* Task input:

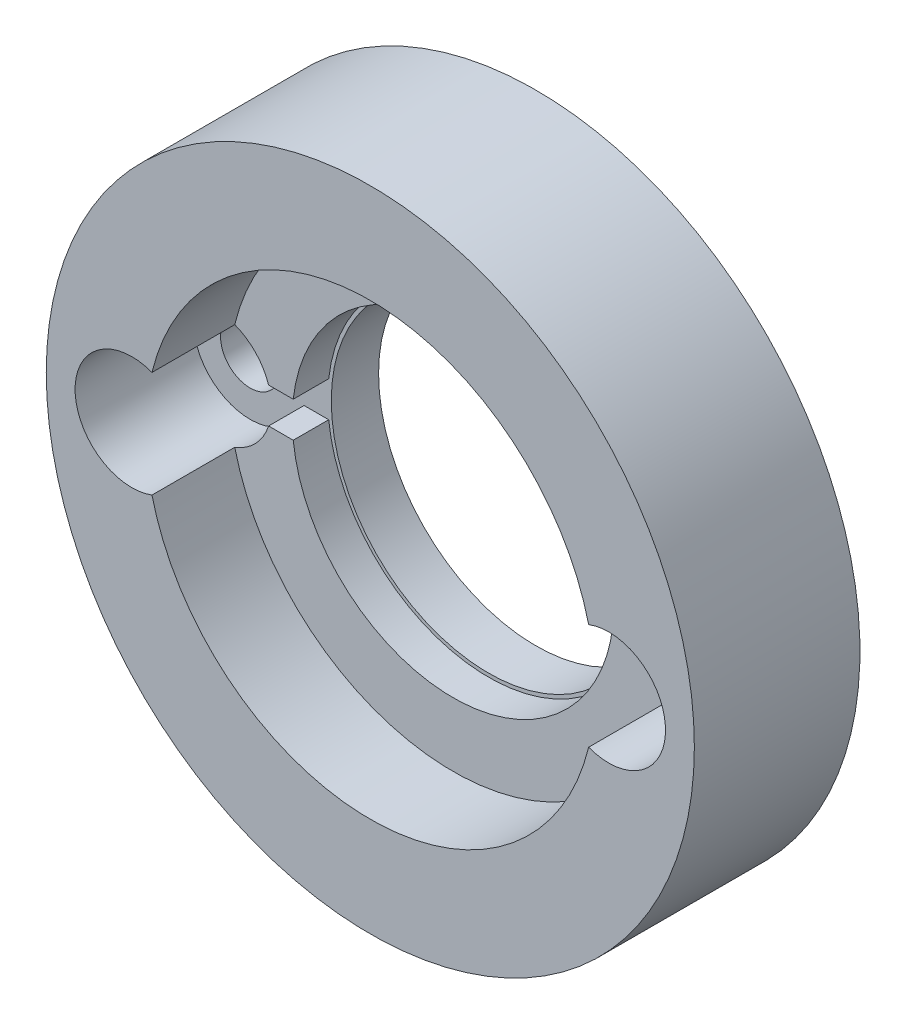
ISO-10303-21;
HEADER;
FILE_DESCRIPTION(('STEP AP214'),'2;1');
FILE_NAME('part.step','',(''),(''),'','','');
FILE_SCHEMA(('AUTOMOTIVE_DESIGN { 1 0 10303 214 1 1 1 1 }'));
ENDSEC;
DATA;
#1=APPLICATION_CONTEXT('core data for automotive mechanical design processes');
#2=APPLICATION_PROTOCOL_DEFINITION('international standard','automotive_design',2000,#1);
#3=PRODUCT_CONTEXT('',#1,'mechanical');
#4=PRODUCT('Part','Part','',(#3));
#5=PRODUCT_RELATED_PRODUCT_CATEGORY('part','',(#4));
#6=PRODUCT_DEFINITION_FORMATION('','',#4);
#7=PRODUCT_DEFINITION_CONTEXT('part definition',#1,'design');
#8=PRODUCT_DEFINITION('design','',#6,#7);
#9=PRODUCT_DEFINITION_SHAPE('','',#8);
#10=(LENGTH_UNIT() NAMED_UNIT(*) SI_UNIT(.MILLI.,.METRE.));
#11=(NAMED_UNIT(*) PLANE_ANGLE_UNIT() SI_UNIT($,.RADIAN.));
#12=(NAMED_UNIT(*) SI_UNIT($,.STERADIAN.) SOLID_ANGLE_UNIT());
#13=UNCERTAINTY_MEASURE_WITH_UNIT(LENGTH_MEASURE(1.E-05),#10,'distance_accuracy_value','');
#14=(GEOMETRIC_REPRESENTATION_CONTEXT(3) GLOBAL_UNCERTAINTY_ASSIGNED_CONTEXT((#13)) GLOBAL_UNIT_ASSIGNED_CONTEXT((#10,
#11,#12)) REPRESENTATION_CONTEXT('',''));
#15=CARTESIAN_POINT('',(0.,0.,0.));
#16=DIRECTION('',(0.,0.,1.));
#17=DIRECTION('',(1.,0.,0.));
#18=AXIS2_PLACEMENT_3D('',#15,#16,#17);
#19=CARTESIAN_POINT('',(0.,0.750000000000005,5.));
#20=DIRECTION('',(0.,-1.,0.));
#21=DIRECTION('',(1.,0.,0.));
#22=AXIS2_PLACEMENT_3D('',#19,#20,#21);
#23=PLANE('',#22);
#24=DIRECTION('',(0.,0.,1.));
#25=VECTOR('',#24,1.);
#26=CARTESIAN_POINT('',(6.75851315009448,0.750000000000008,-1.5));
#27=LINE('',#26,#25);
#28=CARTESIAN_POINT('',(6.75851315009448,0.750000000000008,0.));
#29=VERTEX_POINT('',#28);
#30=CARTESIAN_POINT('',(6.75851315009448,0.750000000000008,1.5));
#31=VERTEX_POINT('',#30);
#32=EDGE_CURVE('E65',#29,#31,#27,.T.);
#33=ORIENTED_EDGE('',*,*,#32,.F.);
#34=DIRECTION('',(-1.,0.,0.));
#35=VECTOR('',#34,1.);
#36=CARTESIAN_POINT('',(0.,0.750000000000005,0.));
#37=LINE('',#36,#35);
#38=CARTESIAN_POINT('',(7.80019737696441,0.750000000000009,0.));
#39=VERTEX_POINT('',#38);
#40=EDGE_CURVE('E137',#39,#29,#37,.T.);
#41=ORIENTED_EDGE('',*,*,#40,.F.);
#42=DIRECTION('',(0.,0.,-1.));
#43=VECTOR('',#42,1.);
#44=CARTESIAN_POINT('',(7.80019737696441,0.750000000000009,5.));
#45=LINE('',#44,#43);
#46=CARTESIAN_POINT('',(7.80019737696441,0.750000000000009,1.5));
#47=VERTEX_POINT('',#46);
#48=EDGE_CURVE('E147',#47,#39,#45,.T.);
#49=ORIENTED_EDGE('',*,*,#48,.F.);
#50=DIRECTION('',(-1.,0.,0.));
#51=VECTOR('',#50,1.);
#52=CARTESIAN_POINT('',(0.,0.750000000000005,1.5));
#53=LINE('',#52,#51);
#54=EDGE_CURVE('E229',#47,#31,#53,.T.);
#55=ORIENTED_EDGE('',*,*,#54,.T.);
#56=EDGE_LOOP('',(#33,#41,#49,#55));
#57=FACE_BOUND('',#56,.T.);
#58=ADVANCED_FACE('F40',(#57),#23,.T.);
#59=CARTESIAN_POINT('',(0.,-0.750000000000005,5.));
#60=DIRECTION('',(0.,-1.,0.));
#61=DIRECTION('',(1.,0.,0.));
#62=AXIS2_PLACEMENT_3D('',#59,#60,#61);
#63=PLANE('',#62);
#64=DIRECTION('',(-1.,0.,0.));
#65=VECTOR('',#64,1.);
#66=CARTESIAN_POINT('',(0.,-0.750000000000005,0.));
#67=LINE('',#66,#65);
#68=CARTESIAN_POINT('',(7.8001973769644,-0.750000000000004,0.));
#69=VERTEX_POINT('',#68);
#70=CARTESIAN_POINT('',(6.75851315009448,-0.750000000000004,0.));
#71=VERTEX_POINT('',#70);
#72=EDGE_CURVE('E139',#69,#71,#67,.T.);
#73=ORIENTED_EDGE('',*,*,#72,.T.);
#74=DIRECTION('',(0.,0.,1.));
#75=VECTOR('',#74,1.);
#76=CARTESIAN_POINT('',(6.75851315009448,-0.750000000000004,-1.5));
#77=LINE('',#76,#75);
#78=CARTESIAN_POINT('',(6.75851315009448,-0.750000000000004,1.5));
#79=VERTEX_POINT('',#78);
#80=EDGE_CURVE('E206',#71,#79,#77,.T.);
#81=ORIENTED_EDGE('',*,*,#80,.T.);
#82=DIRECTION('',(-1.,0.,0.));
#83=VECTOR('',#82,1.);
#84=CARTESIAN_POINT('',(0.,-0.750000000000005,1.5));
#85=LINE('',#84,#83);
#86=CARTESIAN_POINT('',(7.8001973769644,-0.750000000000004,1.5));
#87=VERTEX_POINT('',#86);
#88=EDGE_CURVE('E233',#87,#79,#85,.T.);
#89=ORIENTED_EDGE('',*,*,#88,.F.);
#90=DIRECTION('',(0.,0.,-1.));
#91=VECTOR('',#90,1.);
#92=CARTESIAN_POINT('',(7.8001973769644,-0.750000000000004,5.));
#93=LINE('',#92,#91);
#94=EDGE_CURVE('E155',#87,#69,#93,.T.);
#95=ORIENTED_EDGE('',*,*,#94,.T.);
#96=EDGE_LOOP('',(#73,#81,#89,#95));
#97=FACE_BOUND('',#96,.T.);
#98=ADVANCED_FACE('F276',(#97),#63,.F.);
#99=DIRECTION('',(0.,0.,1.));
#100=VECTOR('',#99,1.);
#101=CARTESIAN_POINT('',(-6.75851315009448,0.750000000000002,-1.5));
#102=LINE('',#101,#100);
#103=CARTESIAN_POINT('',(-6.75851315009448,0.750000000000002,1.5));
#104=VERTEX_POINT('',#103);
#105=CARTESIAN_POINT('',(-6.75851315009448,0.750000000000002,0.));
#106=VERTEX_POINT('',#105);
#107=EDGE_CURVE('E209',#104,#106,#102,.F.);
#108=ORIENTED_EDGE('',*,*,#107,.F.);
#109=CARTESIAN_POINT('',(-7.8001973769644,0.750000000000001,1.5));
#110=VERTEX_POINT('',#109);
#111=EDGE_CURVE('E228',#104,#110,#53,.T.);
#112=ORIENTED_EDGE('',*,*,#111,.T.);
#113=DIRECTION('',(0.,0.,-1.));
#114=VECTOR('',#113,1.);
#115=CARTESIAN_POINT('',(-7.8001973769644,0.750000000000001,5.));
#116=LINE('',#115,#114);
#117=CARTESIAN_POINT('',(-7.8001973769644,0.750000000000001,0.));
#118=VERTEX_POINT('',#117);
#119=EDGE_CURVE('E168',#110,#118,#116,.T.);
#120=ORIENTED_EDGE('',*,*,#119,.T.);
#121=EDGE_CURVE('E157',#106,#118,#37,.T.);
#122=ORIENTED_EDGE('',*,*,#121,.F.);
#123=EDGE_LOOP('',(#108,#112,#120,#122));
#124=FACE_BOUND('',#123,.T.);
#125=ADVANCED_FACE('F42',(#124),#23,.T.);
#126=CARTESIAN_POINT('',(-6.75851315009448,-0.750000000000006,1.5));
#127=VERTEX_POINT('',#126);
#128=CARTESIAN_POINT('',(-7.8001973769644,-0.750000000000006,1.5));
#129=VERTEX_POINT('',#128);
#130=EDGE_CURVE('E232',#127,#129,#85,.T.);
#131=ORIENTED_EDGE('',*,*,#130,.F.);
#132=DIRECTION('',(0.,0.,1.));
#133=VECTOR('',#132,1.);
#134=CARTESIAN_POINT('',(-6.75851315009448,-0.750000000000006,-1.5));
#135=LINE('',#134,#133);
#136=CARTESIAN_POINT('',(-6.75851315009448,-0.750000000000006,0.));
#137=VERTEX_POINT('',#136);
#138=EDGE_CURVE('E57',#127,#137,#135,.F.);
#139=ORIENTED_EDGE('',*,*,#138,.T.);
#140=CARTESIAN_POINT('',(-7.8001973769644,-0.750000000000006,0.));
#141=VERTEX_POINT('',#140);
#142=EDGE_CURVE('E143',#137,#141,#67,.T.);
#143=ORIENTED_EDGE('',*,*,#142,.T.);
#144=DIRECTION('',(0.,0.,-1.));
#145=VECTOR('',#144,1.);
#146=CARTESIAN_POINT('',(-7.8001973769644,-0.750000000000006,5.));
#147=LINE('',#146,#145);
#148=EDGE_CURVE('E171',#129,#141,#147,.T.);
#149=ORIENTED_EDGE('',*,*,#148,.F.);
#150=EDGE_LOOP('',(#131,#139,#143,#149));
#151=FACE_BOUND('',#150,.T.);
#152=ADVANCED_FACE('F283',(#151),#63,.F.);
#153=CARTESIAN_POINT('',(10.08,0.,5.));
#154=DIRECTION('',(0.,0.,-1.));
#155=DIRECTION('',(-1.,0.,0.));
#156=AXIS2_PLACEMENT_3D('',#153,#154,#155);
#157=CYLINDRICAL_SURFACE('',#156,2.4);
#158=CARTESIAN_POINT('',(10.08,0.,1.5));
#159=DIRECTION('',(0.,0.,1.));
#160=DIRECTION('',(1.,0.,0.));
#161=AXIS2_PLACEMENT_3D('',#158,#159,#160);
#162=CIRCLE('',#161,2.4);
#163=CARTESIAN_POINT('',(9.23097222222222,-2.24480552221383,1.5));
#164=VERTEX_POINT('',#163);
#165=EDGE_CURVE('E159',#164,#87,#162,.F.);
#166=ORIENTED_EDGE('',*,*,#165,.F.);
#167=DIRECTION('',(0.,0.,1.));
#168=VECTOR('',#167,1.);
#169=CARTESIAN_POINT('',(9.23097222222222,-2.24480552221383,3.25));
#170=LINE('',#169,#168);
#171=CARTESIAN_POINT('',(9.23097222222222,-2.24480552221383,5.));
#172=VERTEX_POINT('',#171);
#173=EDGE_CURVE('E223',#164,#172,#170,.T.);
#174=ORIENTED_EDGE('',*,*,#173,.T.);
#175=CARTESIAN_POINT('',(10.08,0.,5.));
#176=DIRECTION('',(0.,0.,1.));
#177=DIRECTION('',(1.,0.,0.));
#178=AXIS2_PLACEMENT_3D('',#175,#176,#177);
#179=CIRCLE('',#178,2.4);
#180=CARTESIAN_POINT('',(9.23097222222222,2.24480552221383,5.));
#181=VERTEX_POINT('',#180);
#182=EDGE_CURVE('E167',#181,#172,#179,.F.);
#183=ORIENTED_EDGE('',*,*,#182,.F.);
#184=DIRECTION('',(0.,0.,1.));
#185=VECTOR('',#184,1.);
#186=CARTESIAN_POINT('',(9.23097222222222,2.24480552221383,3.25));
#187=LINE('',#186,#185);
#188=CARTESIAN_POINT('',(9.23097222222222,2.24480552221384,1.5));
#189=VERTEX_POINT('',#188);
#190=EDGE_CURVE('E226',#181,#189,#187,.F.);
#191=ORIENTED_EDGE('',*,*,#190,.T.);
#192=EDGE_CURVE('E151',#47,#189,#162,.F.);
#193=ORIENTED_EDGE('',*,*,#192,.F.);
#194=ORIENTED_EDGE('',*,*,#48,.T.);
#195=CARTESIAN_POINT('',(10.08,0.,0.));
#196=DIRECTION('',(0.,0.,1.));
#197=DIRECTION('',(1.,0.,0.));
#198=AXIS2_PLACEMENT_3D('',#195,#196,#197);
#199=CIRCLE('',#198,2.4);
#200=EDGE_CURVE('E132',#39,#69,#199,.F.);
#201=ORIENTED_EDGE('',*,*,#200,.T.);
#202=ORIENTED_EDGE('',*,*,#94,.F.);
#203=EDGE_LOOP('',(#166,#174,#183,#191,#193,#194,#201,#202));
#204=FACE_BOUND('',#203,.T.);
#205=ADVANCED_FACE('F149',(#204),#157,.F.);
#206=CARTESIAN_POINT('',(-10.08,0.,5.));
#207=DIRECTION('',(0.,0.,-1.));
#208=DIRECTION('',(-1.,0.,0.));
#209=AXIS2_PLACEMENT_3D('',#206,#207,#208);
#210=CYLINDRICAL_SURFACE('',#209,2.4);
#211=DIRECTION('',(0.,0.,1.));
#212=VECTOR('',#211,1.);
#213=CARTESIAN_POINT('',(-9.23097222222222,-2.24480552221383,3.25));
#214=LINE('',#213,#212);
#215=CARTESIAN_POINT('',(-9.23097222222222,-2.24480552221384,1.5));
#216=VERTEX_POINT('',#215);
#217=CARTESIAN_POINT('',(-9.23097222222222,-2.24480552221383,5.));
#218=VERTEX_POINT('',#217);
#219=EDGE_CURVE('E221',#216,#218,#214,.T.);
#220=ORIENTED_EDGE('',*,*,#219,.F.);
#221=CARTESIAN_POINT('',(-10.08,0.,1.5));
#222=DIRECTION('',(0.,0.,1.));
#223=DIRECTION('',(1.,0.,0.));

* Activity: Copy out the lines above that hold the string "CIRCLE".

* Expected output:
#162=CIRCLE('',#161,2.4);
#179=CIRCLE('',#178,2.4);
#199=CIRCLE('',#198,2.4);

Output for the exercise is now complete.